A lot of studies have shown that the etiology of SAT was related to viral infection such as coxsackievirus, echovirus, mumps, measles, influenza and other viruses [10, 11] because there was a flu-like syndrome before the disease onset. In our study, only 14. 44% patients had upper respiratory infection before SAT, maybe due to the blurry memory of patients and the inapparent infections. Espinoza et al. [12] have compared the diagnostic value of radioactive iodine uptake, 99 m-Tc thyroid static imaging and thyroid ultrasonography. They found both radioisotope scanning had a better correlation with the clinical diagnosis of SAT than that with thyroid ultrasonography. In our study, we used the 99 m-Tc thyroid static imaging to evaluate the thyroid uptake function instead of radioactive iodine uptake because radioactive iodine uptake needs more time (24 h) and is more complicated to operate. As reported by Frates et al. [13], the typical appearance of sonography of SAT was a patchy, poorly defined hypoechoic process that could affect a portion of one or both lobes, an entire lobe, or the entire gland. However, they also found that the sonographic findings of SAT could mimic a large nodule replacing the lobe, the changes of lymphocytic, Hashimoto’s thyroiditis, thyroid carcinoma or thyroid lymphoma, leading to the differential diagnosis became more difficult. Furthermore, sonography is a relatively subjective examination and requires experienced doctors to get analysable results. So we excluded sonography as a variable from our model. Fever is also a clinical presentation of SAT. Sometimes fever was the only clinical manifestation as reported by Dalugama [14]. But this situation is rare and fever can present in many diseases. So fever, though there was significant difference between the two groups, was not included in our regression model. Some studies have demonstrated that a higher ratio of FT3 to FT4 supported a diagnosis of Graves’ disease and a very low ratio supported a diagnosis of SAT [15, 16]. In our study, the ratio of FT3 to FT4 showed significant difference between the two groups, indicating its diagnostic value. But it’s not included in the final regression model. The reason is that the control group was not only consisted of Graves’ disease patients, the diagonsitic value of this ratio is limited.

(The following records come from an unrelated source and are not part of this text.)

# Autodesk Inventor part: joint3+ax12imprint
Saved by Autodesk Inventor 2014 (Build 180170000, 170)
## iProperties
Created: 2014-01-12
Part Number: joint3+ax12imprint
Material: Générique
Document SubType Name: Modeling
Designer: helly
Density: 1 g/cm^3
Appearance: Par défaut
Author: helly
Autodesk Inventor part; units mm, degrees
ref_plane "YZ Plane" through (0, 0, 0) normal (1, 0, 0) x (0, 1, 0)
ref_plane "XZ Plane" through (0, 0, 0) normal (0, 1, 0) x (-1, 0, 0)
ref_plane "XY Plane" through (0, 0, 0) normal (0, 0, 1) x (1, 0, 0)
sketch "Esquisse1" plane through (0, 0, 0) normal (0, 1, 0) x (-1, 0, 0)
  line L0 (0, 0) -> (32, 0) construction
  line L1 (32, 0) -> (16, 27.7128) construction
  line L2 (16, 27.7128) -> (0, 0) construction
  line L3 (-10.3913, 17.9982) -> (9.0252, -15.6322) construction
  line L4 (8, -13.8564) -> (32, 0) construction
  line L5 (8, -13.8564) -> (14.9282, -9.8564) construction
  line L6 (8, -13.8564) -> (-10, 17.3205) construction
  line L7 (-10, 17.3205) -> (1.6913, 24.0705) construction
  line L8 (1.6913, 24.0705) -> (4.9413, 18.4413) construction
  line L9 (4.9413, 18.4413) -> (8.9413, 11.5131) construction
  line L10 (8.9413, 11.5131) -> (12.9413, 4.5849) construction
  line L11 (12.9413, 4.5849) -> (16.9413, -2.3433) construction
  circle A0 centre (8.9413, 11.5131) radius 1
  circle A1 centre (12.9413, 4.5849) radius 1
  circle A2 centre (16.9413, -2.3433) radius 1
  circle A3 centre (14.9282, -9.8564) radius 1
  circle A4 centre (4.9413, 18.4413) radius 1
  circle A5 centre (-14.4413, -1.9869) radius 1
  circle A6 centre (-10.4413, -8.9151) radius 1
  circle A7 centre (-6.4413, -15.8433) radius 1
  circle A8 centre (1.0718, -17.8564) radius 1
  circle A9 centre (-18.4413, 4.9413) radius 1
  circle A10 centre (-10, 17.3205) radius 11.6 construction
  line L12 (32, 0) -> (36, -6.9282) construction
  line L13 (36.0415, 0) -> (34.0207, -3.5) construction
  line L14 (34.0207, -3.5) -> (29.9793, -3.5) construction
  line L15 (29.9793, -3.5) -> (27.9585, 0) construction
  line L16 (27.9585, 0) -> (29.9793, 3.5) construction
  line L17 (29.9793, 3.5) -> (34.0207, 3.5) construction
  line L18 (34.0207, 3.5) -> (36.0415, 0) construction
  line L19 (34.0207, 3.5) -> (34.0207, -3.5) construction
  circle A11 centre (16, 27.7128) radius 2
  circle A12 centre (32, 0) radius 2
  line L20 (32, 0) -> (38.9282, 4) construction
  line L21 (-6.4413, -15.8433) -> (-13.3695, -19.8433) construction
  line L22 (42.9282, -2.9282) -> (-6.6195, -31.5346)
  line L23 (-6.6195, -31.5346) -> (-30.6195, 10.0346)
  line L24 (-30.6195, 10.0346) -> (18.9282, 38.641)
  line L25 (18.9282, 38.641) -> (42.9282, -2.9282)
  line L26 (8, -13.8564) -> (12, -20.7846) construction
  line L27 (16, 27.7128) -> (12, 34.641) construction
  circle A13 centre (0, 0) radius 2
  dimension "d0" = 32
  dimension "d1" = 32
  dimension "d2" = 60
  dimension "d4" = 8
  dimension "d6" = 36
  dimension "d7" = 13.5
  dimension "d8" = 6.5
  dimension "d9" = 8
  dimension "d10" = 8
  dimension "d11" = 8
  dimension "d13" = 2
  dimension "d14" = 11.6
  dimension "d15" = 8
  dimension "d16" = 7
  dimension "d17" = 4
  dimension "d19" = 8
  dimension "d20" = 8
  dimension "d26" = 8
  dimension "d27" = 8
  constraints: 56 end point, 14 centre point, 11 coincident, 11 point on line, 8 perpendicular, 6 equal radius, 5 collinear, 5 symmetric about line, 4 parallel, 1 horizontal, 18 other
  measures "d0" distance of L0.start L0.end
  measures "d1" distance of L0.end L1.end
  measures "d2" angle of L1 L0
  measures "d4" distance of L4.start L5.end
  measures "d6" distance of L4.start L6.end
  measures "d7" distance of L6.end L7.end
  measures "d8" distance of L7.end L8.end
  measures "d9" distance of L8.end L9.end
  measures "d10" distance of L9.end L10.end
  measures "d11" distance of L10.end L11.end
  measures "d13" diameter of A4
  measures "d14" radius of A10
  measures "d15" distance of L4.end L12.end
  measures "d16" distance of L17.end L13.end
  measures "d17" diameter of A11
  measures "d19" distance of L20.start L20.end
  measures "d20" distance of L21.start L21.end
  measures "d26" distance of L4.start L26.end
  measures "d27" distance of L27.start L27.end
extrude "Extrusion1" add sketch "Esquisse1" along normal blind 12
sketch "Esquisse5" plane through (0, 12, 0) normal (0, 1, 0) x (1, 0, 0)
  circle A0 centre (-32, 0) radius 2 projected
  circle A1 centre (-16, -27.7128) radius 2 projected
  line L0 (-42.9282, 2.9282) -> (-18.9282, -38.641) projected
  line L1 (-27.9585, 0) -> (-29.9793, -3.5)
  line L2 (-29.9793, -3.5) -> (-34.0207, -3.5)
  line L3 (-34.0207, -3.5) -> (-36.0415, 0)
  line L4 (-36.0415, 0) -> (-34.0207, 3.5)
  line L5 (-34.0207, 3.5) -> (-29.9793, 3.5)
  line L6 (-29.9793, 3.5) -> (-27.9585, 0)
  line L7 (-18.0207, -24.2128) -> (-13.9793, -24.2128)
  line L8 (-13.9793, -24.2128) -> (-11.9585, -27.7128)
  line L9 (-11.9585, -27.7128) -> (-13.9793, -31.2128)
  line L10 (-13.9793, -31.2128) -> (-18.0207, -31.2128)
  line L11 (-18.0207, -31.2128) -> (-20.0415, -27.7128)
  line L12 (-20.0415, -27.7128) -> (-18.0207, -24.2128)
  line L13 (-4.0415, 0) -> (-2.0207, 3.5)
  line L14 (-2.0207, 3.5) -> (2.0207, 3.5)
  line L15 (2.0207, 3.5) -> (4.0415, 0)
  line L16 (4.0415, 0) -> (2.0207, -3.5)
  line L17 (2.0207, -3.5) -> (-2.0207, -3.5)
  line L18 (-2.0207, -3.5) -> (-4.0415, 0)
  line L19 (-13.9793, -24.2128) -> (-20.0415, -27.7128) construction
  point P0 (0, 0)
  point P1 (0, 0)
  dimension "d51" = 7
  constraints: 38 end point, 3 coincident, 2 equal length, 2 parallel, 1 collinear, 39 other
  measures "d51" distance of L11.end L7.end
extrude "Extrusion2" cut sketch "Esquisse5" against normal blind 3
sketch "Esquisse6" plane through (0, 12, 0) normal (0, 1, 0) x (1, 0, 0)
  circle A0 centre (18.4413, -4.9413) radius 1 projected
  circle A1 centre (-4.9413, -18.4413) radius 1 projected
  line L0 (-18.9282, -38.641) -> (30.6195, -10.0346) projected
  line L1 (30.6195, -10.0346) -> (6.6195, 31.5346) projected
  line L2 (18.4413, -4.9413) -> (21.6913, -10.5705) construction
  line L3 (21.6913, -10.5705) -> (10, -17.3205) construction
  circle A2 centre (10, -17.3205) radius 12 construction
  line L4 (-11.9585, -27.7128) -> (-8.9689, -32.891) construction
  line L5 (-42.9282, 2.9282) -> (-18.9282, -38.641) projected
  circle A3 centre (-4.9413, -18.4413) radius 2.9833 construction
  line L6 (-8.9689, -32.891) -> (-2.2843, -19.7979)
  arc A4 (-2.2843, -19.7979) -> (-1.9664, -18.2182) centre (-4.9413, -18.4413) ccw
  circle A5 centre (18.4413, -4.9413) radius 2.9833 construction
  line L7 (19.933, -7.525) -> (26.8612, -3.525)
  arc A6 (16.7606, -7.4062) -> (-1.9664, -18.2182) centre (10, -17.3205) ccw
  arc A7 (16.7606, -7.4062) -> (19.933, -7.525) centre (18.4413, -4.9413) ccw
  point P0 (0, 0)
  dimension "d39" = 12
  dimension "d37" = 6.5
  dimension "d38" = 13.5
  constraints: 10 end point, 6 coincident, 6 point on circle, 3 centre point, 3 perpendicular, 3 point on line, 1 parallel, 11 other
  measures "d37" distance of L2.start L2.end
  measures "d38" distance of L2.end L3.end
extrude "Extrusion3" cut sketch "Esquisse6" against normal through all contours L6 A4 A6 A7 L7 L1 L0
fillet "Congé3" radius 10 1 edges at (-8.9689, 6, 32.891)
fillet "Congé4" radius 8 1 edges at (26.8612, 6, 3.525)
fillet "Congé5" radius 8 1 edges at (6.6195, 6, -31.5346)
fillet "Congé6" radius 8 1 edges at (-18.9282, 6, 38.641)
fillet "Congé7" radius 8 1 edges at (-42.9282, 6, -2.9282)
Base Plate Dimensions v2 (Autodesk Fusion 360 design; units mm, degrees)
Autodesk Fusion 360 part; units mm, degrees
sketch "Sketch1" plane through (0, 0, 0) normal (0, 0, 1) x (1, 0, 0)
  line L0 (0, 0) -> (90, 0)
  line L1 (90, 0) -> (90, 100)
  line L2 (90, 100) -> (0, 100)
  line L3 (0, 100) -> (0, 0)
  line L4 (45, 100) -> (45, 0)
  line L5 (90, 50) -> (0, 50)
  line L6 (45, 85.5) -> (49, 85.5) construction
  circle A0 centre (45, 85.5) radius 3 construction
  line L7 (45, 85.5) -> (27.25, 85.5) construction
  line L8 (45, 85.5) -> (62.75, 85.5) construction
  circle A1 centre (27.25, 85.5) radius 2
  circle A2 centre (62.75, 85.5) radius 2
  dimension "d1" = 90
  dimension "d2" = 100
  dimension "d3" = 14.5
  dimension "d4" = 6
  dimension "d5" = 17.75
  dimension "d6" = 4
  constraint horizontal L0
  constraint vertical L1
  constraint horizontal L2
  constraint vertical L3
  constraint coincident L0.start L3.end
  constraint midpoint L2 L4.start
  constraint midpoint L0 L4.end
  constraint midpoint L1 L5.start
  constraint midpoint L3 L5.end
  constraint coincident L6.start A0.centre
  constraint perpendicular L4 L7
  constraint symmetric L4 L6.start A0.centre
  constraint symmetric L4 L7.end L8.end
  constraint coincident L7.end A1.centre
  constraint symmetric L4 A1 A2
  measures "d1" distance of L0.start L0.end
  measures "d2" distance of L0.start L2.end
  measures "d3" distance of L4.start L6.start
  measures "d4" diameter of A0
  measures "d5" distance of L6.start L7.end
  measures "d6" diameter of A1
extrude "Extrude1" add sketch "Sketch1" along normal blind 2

Our study has some limitations. First, it was a retrospective study. We could only collected data from the hospital system other than examining the patients by ourselves, which may cause the inconsistency. Second, we have excluded patients who did not perform radioisotope scanning or in pregnant or lactating women, which might lead to a selection bias. Third, our patients were all at their first attack and first visit to hospital. We were not sure if our diagnostic model was suitable for recurrent patients or treated patients. Fourth, it’s difficult to differentiate acute thyroiditis and subacute thyroiditis according to our scale. To prevent misdiagnosis, we recommend using B-ultrasound, FNC and pathogenic culture to distinguish this two diseases at this circumstance. The last but not the least, the specificity and sensitivity of our diagnostic scale were really high because we only did internal validation and obtained overoptimistic results. Therefore, external validation is needed before wider application.

Conclusions

In conclusion, we established a diagnostic scale for SAT without the need for radioisotope scanning for the first time. It is an excellent and easy way to diagnose SAT. Although it cannot fully replace radioisotope scanning, it has good application in institutions that have no access to radioisotope machines or in pregnant and lactating women.